§ WHAT YOU SHOULD DO
Reproduce the entries below exactly, but only from the line containing "#151=ORIENTED_EDGE('',*,*,#150,.T.);" to the line containing "#169=DIRECTION('',(0.,0.,1.));", inclusive.

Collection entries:

[Start of Attachment]

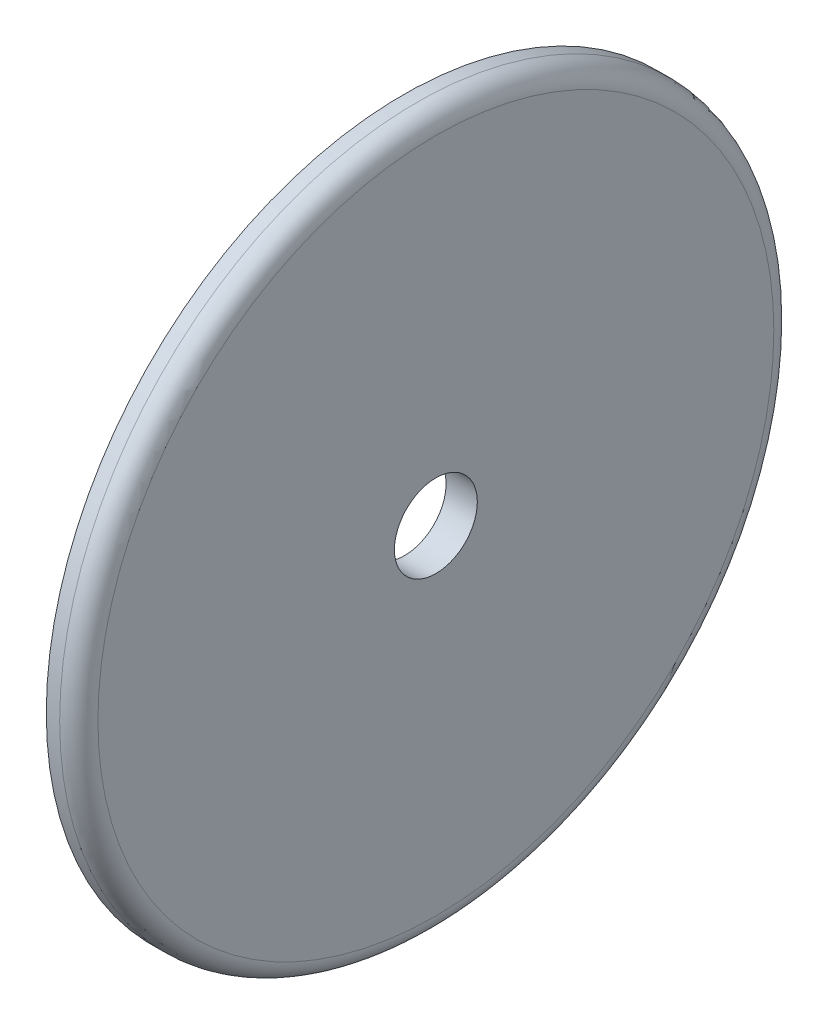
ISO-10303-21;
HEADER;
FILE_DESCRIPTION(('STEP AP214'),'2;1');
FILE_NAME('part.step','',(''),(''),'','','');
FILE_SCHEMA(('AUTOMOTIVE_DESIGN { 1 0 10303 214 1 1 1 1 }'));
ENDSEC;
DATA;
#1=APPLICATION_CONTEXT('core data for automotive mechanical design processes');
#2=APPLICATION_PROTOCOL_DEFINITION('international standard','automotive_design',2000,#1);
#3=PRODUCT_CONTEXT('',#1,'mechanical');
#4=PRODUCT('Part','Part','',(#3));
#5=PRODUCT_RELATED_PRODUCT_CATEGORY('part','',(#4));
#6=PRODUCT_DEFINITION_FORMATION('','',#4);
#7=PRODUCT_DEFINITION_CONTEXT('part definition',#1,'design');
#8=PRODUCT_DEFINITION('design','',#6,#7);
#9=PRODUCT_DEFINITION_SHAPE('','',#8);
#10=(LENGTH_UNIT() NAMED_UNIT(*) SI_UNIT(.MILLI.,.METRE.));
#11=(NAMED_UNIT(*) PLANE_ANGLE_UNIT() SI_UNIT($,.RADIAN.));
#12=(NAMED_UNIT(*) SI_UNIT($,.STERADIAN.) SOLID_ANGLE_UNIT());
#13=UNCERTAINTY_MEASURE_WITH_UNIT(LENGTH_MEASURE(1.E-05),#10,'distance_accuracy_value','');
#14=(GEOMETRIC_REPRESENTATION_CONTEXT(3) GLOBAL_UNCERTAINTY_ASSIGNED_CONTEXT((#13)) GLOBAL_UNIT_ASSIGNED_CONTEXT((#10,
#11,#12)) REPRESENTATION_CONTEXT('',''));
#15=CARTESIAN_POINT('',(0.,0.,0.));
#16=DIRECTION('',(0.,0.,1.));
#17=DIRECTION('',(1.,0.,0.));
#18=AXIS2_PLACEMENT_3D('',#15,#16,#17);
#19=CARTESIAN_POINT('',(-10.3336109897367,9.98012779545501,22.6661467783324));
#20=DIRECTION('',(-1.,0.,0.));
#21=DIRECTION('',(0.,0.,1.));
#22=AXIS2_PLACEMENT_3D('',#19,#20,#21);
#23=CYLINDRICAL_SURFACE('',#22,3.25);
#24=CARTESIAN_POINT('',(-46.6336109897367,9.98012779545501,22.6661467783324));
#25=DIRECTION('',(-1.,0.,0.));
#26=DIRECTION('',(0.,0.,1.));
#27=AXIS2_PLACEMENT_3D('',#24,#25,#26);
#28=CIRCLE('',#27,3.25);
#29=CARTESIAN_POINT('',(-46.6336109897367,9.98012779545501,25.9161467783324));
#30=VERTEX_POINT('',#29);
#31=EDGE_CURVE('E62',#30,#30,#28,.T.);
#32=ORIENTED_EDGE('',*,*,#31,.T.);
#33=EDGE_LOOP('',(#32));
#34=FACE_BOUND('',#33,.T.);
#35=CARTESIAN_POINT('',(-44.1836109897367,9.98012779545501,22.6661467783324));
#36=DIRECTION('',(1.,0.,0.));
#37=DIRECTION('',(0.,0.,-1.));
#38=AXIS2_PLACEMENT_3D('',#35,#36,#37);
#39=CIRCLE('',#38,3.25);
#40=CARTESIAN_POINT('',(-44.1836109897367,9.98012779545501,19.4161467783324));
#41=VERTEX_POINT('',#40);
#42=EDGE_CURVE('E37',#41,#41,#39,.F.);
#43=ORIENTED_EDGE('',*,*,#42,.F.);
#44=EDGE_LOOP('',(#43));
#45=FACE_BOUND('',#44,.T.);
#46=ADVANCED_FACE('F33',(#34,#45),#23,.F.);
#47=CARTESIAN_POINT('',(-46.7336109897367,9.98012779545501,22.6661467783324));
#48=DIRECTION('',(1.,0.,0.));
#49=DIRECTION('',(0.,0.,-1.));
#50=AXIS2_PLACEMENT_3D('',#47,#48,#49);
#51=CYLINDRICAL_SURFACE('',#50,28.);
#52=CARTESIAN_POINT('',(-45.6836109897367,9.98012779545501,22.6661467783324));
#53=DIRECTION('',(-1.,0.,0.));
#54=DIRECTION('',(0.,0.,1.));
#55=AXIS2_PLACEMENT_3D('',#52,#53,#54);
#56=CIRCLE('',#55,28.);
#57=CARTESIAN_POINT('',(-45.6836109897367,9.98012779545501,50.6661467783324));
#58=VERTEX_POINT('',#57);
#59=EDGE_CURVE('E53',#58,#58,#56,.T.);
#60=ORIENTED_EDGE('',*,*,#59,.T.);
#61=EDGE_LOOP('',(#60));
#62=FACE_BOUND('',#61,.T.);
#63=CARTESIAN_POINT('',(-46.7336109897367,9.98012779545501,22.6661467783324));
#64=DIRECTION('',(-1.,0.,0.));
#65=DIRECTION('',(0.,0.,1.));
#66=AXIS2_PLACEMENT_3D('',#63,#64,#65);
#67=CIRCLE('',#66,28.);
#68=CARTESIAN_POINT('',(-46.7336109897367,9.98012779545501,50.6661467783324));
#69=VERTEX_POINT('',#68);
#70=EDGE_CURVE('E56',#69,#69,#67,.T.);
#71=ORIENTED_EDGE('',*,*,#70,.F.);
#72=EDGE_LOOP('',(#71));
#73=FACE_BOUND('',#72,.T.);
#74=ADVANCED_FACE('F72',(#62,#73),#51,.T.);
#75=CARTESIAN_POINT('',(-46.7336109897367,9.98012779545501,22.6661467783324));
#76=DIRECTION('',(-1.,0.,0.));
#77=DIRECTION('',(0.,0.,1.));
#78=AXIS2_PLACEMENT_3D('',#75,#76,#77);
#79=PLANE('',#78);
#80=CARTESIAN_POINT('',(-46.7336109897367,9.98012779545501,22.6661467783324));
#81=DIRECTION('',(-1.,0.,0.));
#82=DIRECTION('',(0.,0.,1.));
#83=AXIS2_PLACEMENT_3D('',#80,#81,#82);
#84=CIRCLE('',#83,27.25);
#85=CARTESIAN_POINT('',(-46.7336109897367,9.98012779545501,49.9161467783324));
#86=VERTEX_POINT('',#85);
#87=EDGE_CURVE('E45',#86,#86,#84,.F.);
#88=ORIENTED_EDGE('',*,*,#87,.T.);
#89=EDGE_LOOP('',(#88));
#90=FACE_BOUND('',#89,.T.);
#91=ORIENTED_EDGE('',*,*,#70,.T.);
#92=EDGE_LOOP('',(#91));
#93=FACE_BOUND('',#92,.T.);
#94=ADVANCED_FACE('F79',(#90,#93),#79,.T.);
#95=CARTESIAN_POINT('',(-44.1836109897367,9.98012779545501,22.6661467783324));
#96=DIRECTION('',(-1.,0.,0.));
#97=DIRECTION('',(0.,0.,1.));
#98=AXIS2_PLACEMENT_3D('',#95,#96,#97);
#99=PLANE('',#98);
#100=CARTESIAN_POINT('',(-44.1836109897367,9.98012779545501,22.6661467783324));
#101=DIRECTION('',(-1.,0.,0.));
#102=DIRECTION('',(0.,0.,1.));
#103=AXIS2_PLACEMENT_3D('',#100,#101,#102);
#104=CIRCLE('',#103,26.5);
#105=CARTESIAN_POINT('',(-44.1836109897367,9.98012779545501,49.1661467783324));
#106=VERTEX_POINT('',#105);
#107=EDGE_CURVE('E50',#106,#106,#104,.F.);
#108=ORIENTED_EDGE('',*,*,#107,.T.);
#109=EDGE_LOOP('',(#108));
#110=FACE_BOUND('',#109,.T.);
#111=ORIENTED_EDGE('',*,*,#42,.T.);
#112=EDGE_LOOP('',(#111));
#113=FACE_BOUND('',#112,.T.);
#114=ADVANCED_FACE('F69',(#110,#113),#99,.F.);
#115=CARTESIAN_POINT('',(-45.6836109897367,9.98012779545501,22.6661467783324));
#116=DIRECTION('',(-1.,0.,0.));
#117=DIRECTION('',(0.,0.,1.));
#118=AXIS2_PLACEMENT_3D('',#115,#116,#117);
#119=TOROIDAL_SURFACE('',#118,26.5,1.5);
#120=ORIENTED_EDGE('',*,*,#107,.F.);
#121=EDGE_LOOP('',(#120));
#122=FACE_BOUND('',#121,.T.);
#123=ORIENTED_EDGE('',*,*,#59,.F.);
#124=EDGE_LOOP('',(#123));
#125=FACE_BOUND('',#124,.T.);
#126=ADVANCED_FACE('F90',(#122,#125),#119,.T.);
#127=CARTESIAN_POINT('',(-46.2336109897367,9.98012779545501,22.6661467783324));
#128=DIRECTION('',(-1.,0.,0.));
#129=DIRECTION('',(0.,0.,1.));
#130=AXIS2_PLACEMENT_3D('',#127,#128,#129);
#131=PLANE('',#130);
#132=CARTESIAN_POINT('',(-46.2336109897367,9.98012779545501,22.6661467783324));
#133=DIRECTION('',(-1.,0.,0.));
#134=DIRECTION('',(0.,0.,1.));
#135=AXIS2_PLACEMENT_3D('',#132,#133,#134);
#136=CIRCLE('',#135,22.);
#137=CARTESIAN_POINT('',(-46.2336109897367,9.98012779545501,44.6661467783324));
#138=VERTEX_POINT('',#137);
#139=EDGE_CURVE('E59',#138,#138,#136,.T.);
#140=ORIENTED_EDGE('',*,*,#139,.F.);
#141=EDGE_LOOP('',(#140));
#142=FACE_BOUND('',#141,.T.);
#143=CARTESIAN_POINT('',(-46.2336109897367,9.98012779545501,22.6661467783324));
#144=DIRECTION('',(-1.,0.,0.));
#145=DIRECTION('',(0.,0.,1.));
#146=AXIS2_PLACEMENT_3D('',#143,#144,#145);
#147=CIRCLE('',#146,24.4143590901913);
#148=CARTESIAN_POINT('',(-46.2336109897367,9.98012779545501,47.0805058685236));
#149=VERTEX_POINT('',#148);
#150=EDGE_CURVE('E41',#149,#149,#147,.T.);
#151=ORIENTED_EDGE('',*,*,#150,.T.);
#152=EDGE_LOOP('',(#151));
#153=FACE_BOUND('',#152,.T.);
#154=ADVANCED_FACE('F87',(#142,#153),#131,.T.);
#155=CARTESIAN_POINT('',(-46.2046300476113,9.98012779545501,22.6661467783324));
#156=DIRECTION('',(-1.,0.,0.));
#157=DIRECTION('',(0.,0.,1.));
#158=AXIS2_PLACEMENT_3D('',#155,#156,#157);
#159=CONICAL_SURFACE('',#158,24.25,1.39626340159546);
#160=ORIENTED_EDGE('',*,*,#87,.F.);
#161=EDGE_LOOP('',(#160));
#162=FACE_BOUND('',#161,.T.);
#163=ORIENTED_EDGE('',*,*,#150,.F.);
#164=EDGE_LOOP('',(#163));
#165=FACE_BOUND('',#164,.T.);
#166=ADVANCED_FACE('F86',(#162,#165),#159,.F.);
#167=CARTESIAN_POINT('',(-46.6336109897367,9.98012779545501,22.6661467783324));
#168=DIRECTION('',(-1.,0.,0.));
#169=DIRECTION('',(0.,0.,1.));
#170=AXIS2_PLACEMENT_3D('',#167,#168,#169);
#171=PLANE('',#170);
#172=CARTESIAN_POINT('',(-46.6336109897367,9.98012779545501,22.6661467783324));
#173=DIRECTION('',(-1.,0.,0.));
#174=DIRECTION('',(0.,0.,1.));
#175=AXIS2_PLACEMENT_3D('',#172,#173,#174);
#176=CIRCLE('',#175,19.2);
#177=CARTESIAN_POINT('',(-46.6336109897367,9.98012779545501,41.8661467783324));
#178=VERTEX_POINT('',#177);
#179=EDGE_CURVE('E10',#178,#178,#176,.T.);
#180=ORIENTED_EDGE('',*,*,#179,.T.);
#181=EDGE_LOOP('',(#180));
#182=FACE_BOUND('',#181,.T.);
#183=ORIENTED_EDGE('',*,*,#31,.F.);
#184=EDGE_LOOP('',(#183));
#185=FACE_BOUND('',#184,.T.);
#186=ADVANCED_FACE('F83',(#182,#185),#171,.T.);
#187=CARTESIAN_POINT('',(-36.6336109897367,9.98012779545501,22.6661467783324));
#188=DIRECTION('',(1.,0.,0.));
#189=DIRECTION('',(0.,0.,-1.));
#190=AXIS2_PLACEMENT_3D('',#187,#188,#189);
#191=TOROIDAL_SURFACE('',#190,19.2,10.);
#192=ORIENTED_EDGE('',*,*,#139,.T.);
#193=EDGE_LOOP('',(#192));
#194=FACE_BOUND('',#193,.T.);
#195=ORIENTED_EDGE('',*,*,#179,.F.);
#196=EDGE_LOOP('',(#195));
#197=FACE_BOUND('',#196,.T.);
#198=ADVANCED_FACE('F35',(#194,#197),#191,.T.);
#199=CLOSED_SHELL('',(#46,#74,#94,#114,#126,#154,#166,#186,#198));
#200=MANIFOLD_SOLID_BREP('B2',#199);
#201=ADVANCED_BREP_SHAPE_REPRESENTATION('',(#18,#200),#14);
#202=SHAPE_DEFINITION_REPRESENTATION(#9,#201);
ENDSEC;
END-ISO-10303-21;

[End of Attachment]

§ EXERCISE RESULT
#151=ORIENTED_EDGE('',*,*,#150,.T.);
#152=EDGE_LOOP('',(#151));
#153=FACE_BOUND('',#152,.T.);
#154=ADVANCED_FACE('F87',(#142,#153),#131,.T.);
#155=CARTESIAN_POINT('',(-46.2046300476113,9.98012779545501,22.6661467783324));
#156=DIRECTION('',(-1.,0.,0.));
#157=DIRECTION('',(0.,0.,1.));
#158=AXIS2_PLACEMENT_3D('',#155,#156,#157);
#159=CONICAL_SURFACE('',#158,24.25,1.39626340159546);
#160=ORIENTED_EDGE('',*,*,#87,.F.);
#161=EDGE_LOOP('',(#160));
#162=FACE_BOUND('',#161,.T.);
#163=ORIENTED_EDGE('',*,*,#150,.F.);
#164=EDGE_LOOP('',(#163));
#165=FACE_BOUND('',#164,.T.);
#166=ADVANCED_FACE('F86',(#162,#165),#159,.F.);
#167=CARTESIAN_POINT('',(-46.6336109897367,9.98012779545501,22.6661467783324));
#168=DIRECTION('',(-1.,0.,0.));
#169=DIRECTION('',(0.,0.,1.));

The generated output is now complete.